→ **DATA SHOWN**

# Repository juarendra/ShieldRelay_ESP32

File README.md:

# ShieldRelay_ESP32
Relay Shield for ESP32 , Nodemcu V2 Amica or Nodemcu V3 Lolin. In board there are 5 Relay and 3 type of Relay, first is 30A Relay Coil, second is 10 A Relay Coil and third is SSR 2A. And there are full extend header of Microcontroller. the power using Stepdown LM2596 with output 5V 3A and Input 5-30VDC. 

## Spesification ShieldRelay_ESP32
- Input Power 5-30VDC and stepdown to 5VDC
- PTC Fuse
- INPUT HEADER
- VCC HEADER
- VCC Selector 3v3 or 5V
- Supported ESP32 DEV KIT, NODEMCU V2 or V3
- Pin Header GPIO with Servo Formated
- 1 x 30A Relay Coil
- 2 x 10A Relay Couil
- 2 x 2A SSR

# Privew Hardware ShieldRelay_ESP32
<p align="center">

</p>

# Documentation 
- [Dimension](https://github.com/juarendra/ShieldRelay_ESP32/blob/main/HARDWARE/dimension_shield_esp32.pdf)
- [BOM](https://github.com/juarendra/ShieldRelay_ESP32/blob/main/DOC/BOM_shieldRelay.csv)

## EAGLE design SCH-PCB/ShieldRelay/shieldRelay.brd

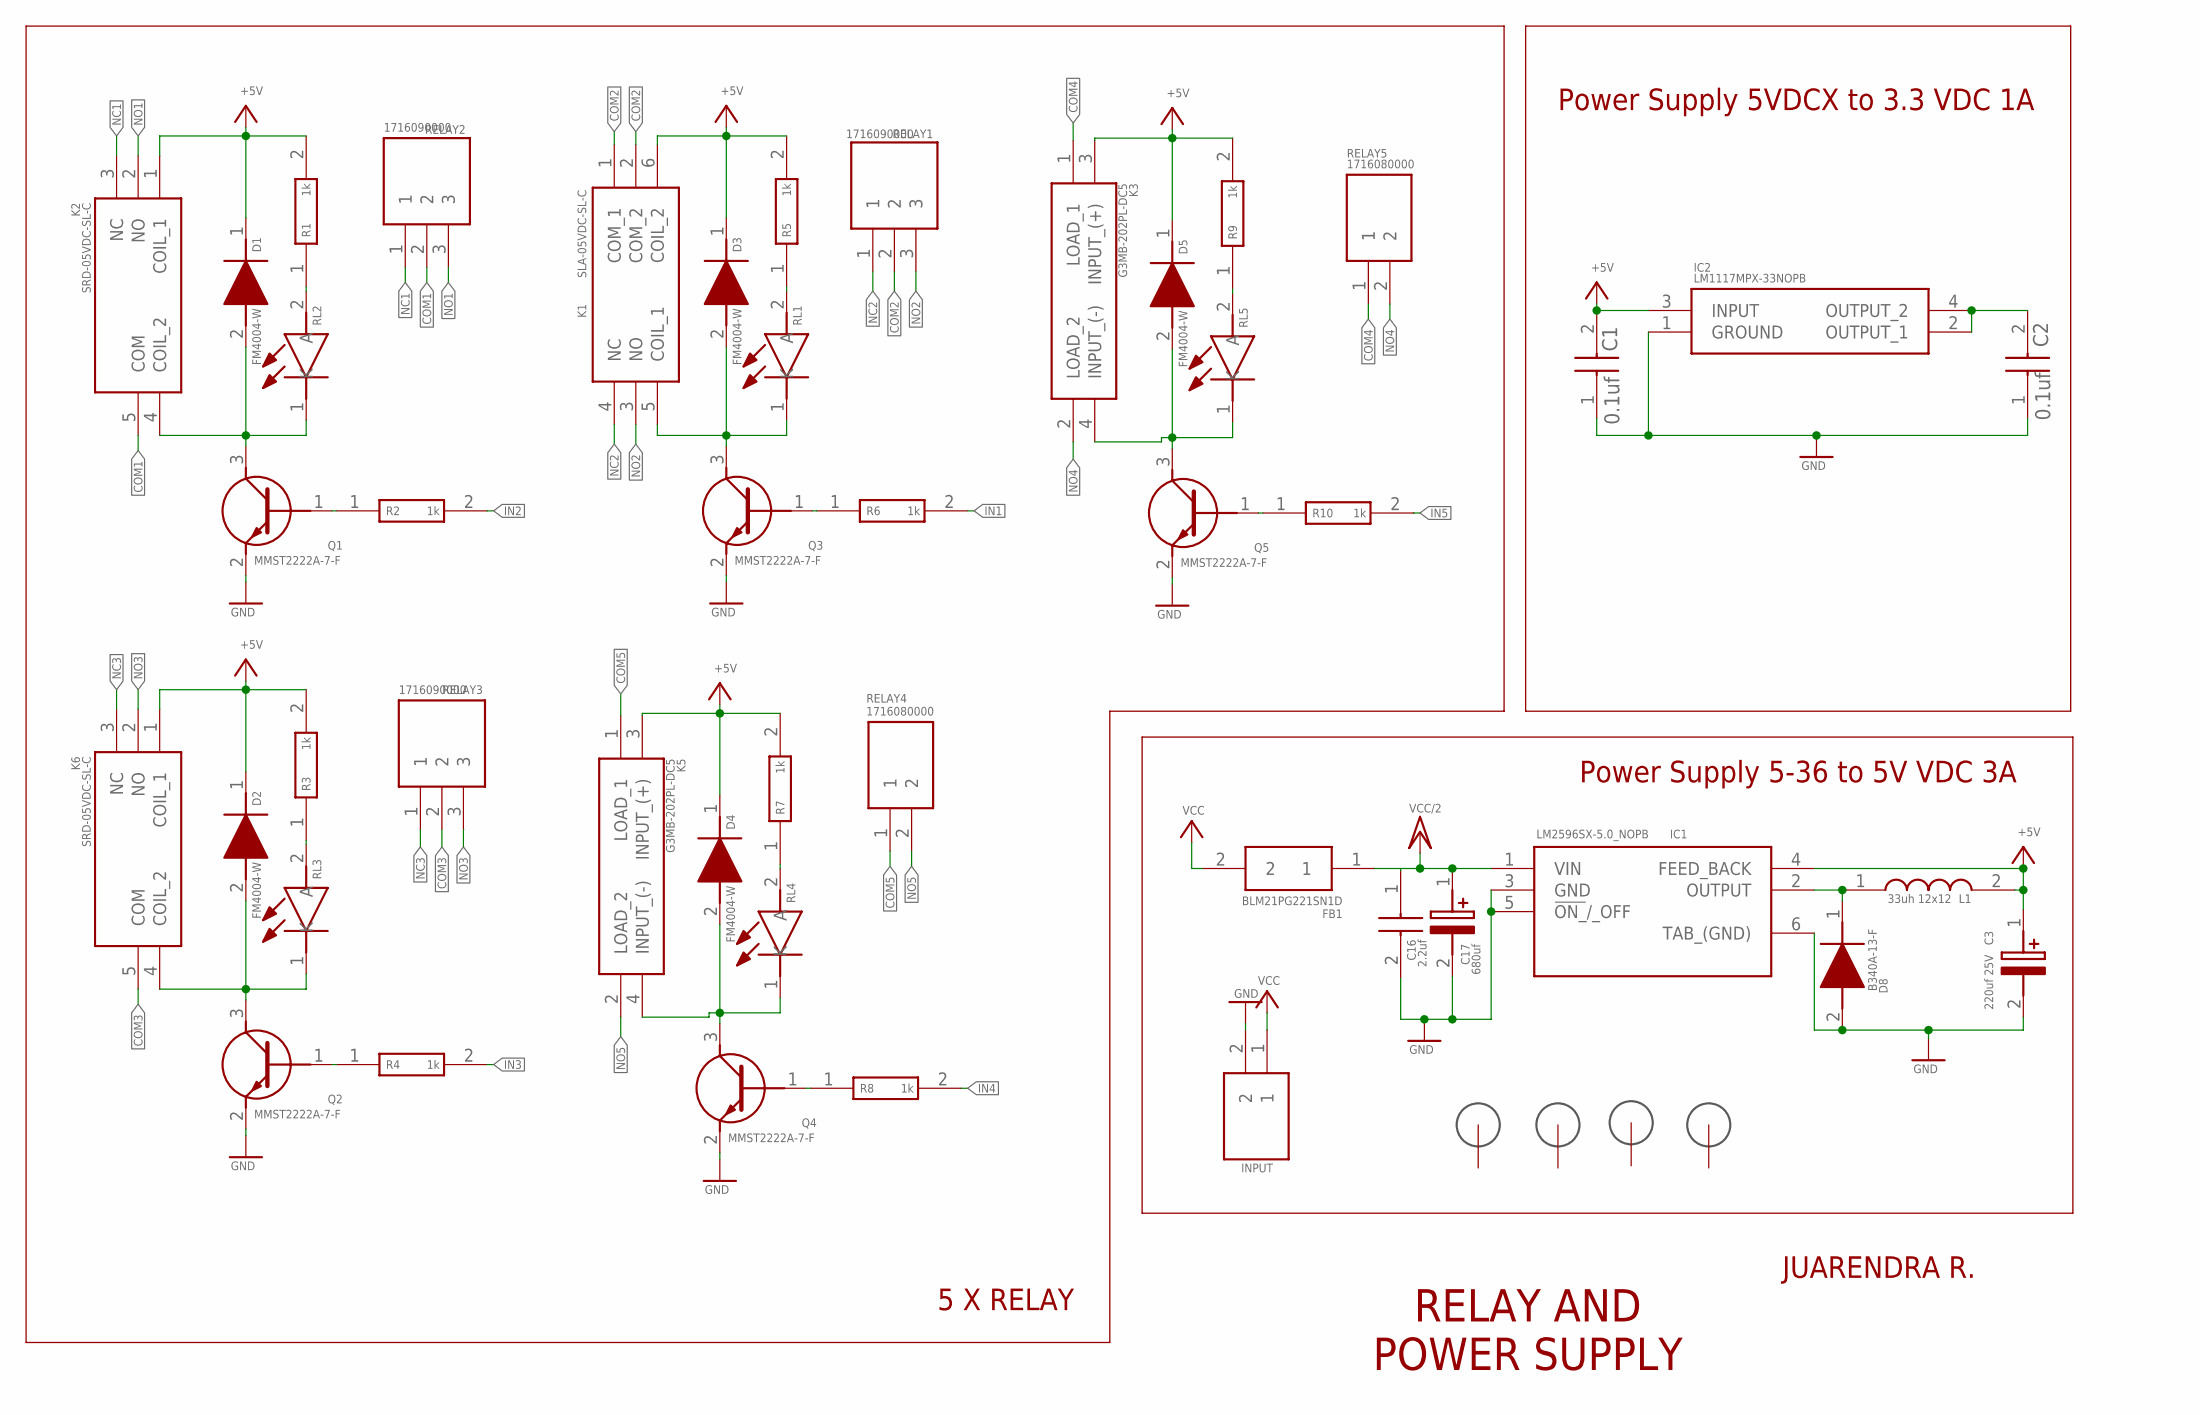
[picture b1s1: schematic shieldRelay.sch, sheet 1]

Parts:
C1, C2: 0.1uf; CAPC1608X95N
C3: 220uf 25V; CAPPRD350W60D850H1250
C16: 2.2uf; CAPC2012X140N
C17: 680uf; EEHZS1H221P
D1, D2, D3, D4, D5: FM4004-W; DIONM5025X231N
D8: B340A-13-F; DIOM5226X240N
FB1: BLM21PG221SN1D; BEADC2012X105N
H1, H2, H3, H4: 3MM_HOLE
IC1: LM2596SX-5.0_NOPB; KTT0005B
IC2: LM1117MPX-33NOPB; SOT230P700X180-4N
INPUT: 1759017; SHDRRA2W103P0X508_1X2_1016X120
K1: SLA-05VDC-SL-C; SLA05VDCSLC
K2, K6: SRD-05VDC-SL-C; SRD05VDCSLC
K3, K5: G3MB-202PL-DC5; G3MB202PLDC5
L1: 33uh 12x12; WE-PD_1260/1245/1280/121054
Q1, Q2, Q3, Q4, Q5: MMST2222A-7-F; SOT65P210X110-3N
R1, R2, R3, R4, R5, R6, R7, R8, R9, R10: 1k; ERA3AEB101V
RELAY1, RELAY2, RELAY3: 1716090000; SHDR3W95P0X508_1X3_1524X1000X1
RELAY4, RELAY5: 1716080000
RL1, RL2, RL3, RL4, RL5: 150080SS75000; LEDC2012X80N

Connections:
+5V: C1.2, C3.1 (+), D1.1 (K), D2.1 (K), D3.1 (K), D4.1 (K), D5.1 (K), IC1.4 (FEED_BACK), IC2.3 (INPUT), K1.6 (COIL_2), K2.1 (COIL_1), K3.3 (INPUT_(+)), K5.3 (INPUT_(+)), K6.1 (COIL_1), L1.2, R1.2, R3.2, R5.2, R7.2, R9.2; also elsewhere on the board
COM1: K2.5 (COM), RELAY2.2
COM2: K1.1 (COM_1), K1.2 (COM_2), RELAY1.2
COM3: K6.5 (COM), RELAY3.2
COM4: K3.1 (LOAD_1), RELAY5.1
COM5: K5.1 (LOAD_1), RELAY4.1
GND: C1.1, C2.1, C3.2 (-), C16.2, C17.2 (-), D8.2 (A), IC1.3 (GND), IC1.5 (!ON_!/_OFF), IC1.6 (TAB_(GND)), IC2.1 (GROUND), INPUT.2, Q1.2 (E), Q2.2 (E), Q3.2 (E), Q4.2 (E), Q5.2 (E); also elsewhere on the board
IN1: R6.2; also elsewhere on the board
IN2: R2.2; also elsewhere on the board
IN3: R4.2; also elsewhere on the board
IN4: R8.2; also elsewhere on the board
IN5: R10.2; also elsewhere on the board
unnamed: R3.1, RL3.2 (A)
unnamed: R1.1, RL2.2 (A)
unnamed: D1.2 (A), K2.4 (COIL_2), Q1.3 (C), RL2.1 (K)
unnamed: Q1.1 (B), R2.1
unnamed: D2.2 (A), K6.4 (COIL_2), Q2.3 (C), RL3.1 (K)
unnamed: Q2.1 (B), R4.1
unnamed: R5.1, RL1.2 (A)
unnamed: D3.2 (A), K1.5 (COIL_1), Q3.3 (C), RL1.1 (K)
unnamed: Q3.1 (B), R6.1
unnamed: R7.1, RL4.2 (A)
unnamed: D4.2 (A), K5.4 (INPUT_(-)), Q4.3 (C), RL4.1 (K)
unnamed: Q4.1 (B), R8.1
unnamed: R9.1, RL5.2 (A)
unnamed: D5.2 (A), K3.4 (INPUT_(-)), Q5.3 (C), RL5.1 (K)
unnamed: Q5.1 (B), R10.1
unnamed: D8.1 (K), IC1.2 (OUTPUT), L1.1
unnamed: C2.2, IC2.2 (OUTPUT_1), IC2.4 (OUTPUT_2)
NC1: K2.3 (NC), RELAY2.1
NC2: K1.4 (NC), RELAY1.1
NC3: K6.3 (NC), RELAY3.1
NO1: K2.2 (NO), RELAY2.3
NO2: K1.3 (NO), RELAY1.3
NO3: K6.2 (NO), RELAY3.3
NO4: K3.2 (LOAD_2), RELAY5.2
NO5: K5.2 (LOAD_2), RELAY4.2
VCC: FB1.2, INPUT.1
VCC/2: C16.1, C17.1 (+), FB1.1, IC1.1 (VIN); also elsewhere on the board

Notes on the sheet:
Power Supply 5-36 to 5V VDC 3A
5 X RELAY
Power Supply 5VDCX to 3.3 VDC 1A
RELAY AND POWER SUPPLY
JUARENDRA R.

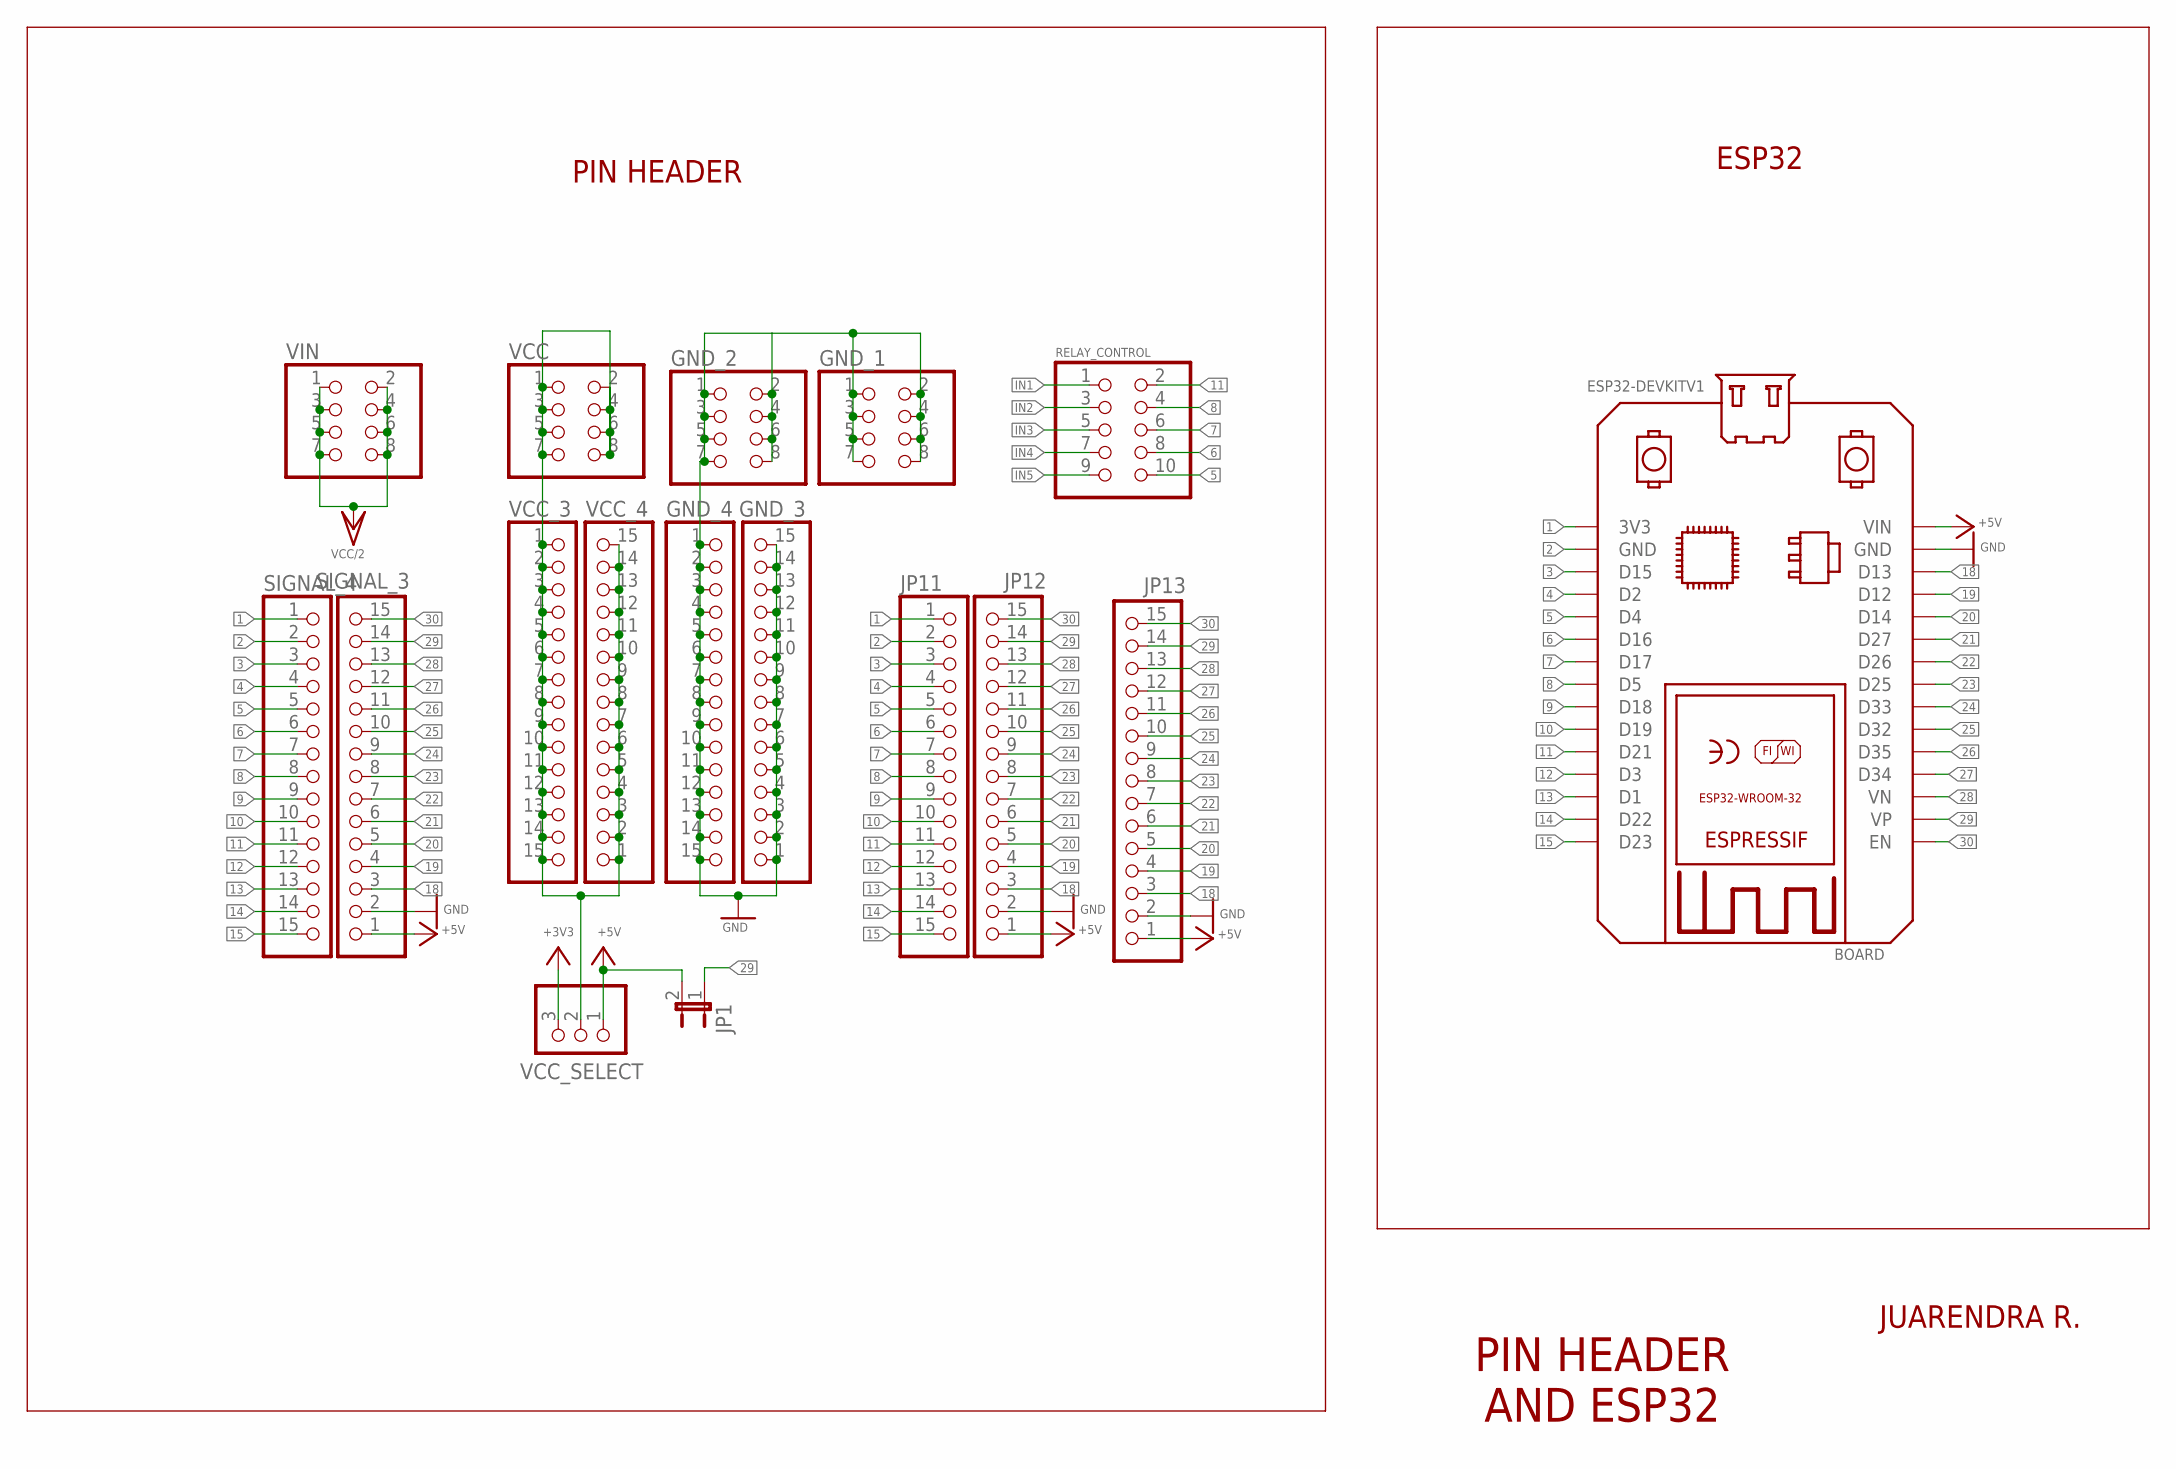
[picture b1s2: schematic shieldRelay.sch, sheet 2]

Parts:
BOARD: ESP32DEVKITV1; ESP32-DEVKITV1
GND_1, GND_2: PINHD-2X4; 2X04
GND_3, GND_4: PINHD-1X15; 1X15
JP1: JP1E; JP1
JP11, JP12, JP13: PINHD-1X15; 1X15
RELAY_CONTROL: PINHD-2X5; 2X05
SIGNAL_3, SIGNAL_4: PINHD-1X15; 1X15
VCC: PINHD-2X4; 2X04
VCC_3, VCC_4: PINHD-1X15; 1X15
VCC_SELECT: PINHD-1X3; 1X03
VIN: PINHD-2X4; 2X04

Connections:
1: BOARD.3V3, JP11.1, SIGNAL_4.1
2: BOARD.GND@1 (GND), JP11.2, SIGNAL_4.2
3: BOARD.D15, JP11.3, SIGNAL_4.3
4: BOARD.D2, JP11.4, SIGNAL_4.4
5: BOARD.D4, JP11.5, RELAY_CONTROL.10, SIGNAL_4.5
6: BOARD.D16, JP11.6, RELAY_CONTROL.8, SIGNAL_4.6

→ **HOW TO COMPLETE THIS TASK**
In the data above, which lines lie between the line with "C17: 680uf; EEHZS1H221P" and the line with "INPUT: 1759017; SHDRRA2W103P0X508_1X2_1016X120", inclusive? Print those lines exactly and nothing else.

→ **EXERCISE ANSWER**
C17: 680uf; EEHZS1H221P
D1, D2, D3, D4, D5: FM4004-W; DIONM5025X231N
D8: B340A-13-F; DIOM5226X240N
FB1: BLM21PG221SN1D; BEADC2012X105N
H1, H2, H3, H4: 3MM_HOLE
IC1: LM2596SX-5.0_NOPB; KTT0005B
IC2: LM1117MPX-33NOPB; SOT230P700X180-4N
INPUT: 1759017; SHDRRA2W103P0X508_1X2_1016X120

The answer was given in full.